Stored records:
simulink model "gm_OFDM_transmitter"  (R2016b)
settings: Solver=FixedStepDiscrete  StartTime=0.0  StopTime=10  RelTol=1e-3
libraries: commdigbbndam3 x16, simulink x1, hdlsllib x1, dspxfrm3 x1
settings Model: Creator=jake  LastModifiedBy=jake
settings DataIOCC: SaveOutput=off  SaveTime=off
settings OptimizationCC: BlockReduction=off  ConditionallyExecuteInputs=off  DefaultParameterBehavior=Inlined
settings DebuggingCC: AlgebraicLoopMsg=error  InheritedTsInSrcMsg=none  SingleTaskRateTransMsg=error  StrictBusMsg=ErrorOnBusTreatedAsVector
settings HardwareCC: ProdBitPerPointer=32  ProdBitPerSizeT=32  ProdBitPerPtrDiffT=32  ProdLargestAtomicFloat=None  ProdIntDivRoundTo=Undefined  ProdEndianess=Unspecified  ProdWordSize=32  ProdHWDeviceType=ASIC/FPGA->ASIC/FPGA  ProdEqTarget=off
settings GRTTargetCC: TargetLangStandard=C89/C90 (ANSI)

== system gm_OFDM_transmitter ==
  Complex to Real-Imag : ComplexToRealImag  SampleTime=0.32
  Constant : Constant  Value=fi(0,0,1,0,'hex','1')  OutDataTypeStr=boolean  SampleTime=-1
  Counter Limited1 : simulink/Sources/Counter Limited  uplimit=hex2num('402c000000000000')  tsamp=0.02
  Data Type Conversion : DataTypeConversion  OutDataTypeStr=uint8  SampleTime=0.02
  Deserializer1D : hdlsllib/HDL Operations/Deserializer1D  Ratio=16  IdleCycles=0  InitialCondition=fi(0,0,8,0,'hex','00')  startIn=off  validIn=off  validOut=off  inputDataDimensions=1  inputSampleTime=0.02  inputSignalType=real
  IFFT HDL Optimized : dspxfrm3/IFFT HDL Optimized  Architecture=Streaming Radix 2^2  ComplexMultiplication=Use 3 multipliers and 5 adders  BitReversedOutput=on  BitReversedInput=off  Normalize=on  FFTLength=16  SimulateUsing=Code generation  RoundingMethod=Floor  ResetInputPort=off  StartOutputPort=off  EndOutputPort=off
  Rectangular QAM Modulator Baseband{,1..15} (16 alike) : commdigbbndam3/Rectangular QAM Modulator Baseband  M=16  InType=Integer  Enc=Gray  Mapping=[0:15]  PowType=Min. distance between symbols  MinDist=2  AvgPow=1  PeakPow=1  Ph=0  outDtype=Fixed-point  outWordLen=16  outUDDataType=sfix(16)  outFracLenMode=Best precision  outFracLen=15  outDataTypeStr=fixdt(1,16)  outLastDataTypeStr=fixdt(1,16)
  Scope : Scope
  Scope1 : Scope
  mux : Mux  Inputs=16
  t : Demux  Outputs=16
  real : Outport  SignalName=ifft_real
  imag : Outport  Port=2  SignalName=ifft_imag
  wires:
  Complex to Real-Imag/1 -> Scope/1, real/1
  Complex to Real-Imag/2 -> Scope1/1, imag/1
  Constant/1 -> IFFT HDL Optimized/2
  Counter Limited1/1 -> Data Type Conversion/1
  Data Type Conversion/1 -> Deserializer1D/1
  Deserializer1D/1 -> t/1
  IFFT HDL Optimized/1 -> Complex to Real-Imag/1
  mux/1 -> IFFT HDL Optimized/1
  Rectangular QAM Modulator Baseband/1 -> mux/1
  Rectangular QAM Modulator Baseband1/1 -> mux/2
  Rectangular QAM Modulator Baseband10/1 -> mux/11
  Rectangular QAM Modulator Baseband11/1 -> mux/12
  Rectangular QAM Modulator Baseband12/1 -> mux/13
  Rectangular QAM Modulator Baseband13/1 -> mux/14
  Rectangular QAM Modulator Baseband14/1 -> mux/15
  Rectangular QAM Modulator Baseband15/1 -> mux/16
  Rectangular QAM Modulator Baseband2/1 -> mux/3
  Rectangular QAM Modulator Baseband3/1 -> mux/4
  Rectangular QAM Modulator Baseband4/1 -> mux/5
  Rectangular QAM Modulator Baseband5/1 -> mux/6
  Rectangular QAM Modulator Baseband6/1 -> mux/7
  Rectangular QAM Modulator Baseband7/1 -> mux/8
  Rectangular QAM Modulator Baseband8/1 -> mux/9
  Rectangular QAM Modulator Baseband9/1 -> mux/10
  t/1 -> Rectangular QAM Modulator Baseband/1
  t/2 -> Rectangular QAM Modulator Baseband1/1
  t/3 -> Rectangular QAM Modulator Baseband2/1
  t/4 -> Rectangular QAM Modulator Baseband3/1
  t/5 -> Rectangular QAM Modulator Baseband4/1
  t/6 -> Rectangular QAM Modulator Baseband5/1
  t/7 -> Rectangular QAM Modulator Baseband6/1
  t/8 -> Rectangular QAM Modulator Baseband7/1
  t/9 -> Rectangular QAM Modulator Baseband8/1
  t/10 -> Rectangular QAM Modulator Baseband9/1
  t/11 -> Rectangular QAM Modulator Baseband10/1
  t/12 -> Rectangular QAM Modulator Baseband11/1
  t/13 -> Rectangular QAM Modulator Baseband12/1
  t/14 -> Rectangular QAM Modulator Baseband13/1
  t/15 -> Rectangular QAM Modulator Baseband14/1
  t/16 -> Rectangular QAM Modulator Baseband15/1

> WORK REQUEST
Within the data above, find the lines that contain the word "simulink" and copy each of them.

> RESPONSE TO THE EXERCISE
simulink model "gm_OFDM_transmitter"  (R2016b)
libraries: commdigbbndam3 x16, simulink x1, hdlsllib x1, dspxfrm3 x1
  Counter Limited1 : simulink/Sources/Counter Limited  uplimit=hex2num('402c000000000000')  tsamp=0.02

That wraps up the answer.